Я протянула ладонь ей навстречу ладонь, и она ткнулась крупными теплыми влажными ноздрями, одна из которых была розовая, другая — черная. Тупой мягкий нос обдал ладонь влажным дыханием. Вымя висело такое веское, разбухшее, что ей трудно было ходить.
— А я думаю, хто мою Тихосю поддаивает? — раздался визгливый голос с другой стороны.
Бабуля телепала к нам, опираясь на палку и держась рукой за поясницу. Пушистые брови непрорезавшихся рожек нацелились со свирепой угрозой:
— Дачница?
— Да нет, простите. Я тут у родственников. И не трогаю я вашу козу. У нас — корова.
— Корова! — бабуля фыркнула. — У коровы молоко — никакого толку, что воду пьешь, а у козы сладенькое, сок, а не молоко. Ты вот пробовала хотя? По разговору слыхать, городська.
— Нет, наверно, не пробовала. Точно не помню.
— Не помню! — снова передразнила бабулечка, и снова фыркнула, как еж, словно чихнула. — Попробувала б — запамьятала! Густе молочко, як сметана.
Скулы заломило: жарко, и от молока я бы не отказалась.
Бабка намотала цепь на руку и двинулась со своей козой огородами к хате, которую я и не приметила сначала — маленький беленый домик с отставшей кой-где штукатуркой и крест-накрест планками наружу, с резными наличниками, прятался в вишнях на взгорке.

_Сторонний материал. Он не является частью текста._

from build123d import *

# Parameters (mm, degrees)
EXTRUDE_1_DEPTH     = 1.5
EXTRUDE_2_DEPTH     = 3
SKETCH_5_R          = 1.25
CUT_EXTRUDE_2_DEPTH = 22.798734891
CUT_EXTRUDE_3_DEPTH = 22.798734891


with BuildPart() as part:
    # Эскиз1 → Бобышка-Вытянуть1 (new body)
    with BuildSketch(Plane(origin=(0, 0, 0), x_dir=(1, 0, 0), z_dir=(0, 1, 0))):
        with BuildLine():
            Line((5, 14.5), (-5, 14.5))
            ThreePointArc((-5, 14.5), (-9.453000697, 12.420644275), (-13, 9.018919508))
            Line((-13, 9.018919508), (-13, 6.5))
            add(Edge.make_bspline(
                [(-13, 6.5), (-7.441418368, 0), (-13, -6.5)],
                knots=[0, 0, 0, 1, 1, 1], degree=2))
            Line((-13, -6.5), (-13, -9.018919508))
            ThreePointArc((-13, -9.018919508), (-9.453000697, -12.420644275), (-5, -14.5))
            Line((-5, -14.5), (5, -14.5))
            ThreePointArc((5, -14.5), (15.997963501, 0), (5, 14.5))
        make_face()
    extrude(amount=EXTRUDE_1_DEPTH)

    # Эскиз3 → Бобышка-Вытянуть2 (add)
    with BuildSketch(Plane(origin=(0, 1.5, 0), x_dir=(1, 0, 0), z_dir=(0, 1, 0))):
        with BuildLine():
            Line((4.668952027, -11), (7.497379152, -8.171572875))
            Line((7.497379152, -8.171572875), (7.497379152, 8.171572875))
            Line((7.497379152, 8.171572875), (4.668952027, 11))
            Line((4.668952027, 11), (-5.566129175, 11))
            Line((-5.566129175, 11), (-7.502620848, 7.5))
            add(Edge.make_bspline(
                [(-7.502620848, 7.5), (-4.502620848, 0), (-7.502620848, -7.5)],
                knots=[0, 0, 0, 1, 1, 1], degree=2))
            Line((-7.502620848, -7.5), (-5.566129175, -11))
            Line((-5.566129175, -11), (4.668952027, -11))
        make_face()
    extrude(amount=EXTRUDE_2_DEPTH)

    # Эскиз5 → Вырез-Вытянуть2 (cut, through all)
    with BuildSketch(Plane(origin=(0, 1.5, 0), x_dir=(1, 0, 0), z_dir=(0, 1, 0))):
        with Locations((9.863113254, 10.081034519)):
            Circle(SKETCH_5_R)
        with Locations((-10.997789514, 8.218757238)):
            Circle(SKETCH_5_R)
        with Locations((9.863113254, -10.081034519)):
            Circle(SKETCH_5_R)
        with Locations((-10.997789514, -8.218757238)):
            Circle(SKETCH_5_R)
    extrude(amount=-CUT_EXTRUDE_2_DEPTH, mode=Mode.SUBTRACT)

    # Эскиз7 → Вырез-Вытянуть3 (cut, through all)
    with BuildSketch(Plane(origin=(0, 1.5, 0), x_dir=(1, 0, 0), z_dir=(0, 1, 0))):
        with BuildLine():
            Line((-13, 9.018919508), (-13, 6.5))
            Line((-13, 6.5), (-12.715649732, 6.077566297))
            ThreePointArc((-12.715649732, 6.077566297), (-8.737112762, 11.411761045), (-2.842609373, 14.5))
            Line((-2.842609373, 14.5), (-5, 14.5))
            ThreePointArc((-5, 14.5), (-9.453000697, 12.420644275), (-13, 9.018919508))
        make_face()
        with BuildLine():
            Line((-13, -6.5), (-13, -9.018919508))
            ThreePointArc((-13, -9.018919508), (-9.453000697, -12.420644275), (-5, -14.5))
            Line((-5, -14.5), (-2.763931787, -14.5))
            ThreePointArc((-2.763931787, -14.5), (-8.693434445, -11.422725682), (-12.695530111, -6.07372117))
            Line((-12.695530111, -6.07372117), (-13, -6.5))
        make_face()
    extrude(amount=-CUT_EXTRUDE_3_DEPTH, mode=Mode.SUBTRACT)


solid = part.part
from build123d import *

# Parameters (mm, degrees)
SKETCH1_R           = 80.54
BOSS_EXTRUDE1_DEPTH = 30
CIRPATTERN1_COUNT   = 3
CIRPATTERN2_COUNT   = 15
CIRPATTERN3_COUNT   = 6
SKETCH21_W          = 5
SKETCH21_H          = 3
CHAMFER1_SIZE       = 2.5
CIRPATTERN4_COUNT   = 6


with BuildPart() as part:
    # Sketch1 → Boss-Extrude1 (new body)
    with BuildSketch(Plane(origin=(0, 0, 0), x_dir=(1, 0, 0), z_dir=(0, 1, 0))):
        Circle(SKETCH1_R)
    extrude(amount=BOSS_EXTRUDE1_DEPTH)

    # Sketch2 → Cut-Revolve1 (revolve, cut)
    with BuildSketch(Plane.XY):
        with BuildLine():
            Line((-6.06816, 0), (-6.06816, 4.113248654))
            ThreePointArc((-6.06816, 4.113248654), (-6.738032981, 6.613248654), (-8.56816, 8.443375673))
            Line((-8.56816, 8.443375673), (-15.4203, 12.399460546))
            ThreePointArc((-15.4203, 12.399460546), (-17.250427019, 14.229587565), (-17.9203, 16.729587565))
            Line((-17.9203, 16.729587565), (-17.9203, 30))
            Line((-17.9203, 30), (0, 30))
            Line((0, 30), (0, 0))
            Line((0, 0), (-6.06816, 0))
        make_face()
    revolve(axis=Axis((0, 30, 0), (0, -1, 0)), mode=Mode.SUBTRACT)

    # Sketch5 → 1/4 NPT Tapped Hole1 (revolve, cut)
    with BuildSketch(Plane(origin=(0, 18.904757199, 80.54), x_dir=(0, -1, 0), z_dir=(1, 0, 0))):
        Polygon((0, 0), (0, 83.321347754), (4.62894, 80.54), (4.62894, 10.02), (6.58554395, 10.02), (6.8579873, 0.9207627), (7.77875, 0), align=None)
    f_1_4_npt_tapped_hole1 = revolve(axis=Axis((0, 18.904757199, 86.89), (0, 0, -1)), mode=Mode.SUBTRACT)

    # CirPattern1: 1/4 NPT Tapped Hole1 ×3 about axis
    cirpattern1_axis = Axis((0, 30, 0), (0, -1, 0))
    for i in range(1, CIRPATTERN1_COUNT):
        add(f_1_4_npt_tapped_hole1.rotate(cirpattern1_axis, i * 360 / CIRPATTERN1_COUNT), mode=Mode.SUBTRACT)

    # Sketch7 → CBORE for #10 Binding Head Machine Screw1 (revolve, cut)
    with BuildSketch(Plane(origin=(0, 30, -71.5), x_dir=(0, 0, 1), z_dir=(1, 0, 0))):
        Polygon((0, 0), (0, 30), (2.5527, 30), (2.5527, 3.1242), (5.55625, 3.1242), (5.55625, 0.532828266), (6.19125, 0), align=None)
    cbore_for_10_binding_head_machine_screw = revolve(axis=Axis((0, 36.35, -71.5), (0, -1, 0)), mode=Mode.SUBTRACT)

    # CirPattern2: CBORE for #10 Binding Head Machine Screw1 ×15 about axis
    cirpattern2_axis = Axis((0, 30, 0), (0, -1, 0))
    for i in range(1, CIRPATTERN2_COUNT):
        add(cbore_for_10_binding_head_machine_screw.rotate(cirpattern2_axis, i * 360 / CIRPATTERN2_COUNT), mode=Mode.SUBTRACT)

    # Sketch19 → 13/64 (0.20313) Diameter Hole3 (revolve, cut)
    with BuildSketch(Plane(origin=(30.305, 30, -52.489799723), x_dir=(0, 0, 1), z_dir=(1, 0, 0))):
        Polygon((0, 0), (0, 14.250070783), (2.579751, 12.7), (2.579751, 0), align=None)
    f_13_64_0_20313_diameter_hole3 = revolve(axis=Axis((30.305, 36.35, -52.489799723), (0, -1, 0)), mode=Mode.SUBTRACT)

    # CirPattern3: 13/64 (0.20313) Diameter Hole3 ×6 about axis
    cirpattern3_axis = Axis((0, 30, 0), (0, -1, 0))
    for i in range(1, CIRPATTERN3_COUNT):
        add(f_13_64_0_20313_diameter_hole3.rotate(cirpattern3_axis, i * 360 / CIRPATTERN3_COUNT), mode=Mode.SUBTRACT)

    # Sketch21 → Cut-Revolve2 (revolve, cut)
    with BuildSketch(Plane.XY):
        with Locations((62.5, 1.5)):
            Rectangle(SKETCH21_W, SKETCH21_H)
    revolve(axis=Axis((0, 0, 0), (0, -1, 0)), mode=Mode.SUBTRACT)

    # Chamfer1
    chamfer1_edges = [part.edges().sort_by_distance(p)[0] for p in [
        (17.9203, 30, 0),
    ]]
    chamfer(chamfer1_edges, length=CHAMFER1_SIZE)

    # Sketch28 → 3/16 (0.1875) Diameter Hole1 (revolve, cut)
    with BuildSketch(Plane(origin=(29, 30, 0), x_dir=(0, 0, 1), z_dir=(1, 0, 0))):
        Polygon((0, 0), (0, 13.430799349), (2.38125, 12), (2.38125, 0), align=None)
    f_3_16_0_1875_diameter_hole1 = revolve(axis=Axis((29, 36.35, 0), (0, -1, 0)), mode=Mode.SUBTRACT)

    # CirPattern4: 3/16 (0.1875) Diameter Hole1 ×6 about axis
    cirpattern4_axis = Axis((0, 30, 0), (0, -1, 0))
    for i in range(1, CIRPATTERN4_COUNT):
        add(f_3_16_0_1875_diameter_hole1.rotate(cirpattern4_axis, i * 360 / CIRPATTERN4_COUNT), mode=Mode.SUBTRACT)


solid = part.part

— Не трогала она, аха! — ворчал божий василечек, заботясь, чтоб я слышала все до слова. — А поддаивает-то кто? Черт леший?
Так же сварливо она бросила мне:
— Ну, подымайся, ходим!
— Куда это?
— Дак угощу Тихоськиным-то, раз уж так полюбилось…
В сарае встрепенулась пестрая курица на насесте, хрюкнул поросенок.
— Ну, ну! — окоротила бабка. — Всем стоять!
Сейчас, подумалось, вытащит из подпола замшелый пулемет, захованный со времен Петлюры, и всех порешит. Она завела козу за ограду, вытерла руки с синими венами и глубокими, словно нарисованными тушью морщинами, разложила старенькую тень марли на ведре. Обмыла козьи соски и принялась шоркать, приговаривая:
— Ты Тихо-Тихосенька, смирнесенька, молочко даешь вкуснесеньке, ой ты матушка кормилица-поилица, домоводница-домоседушка, и молочко-то твое на травушке полевой, анарав-то у тебя любезный, и шерстка-ат твоя что чистый бархат.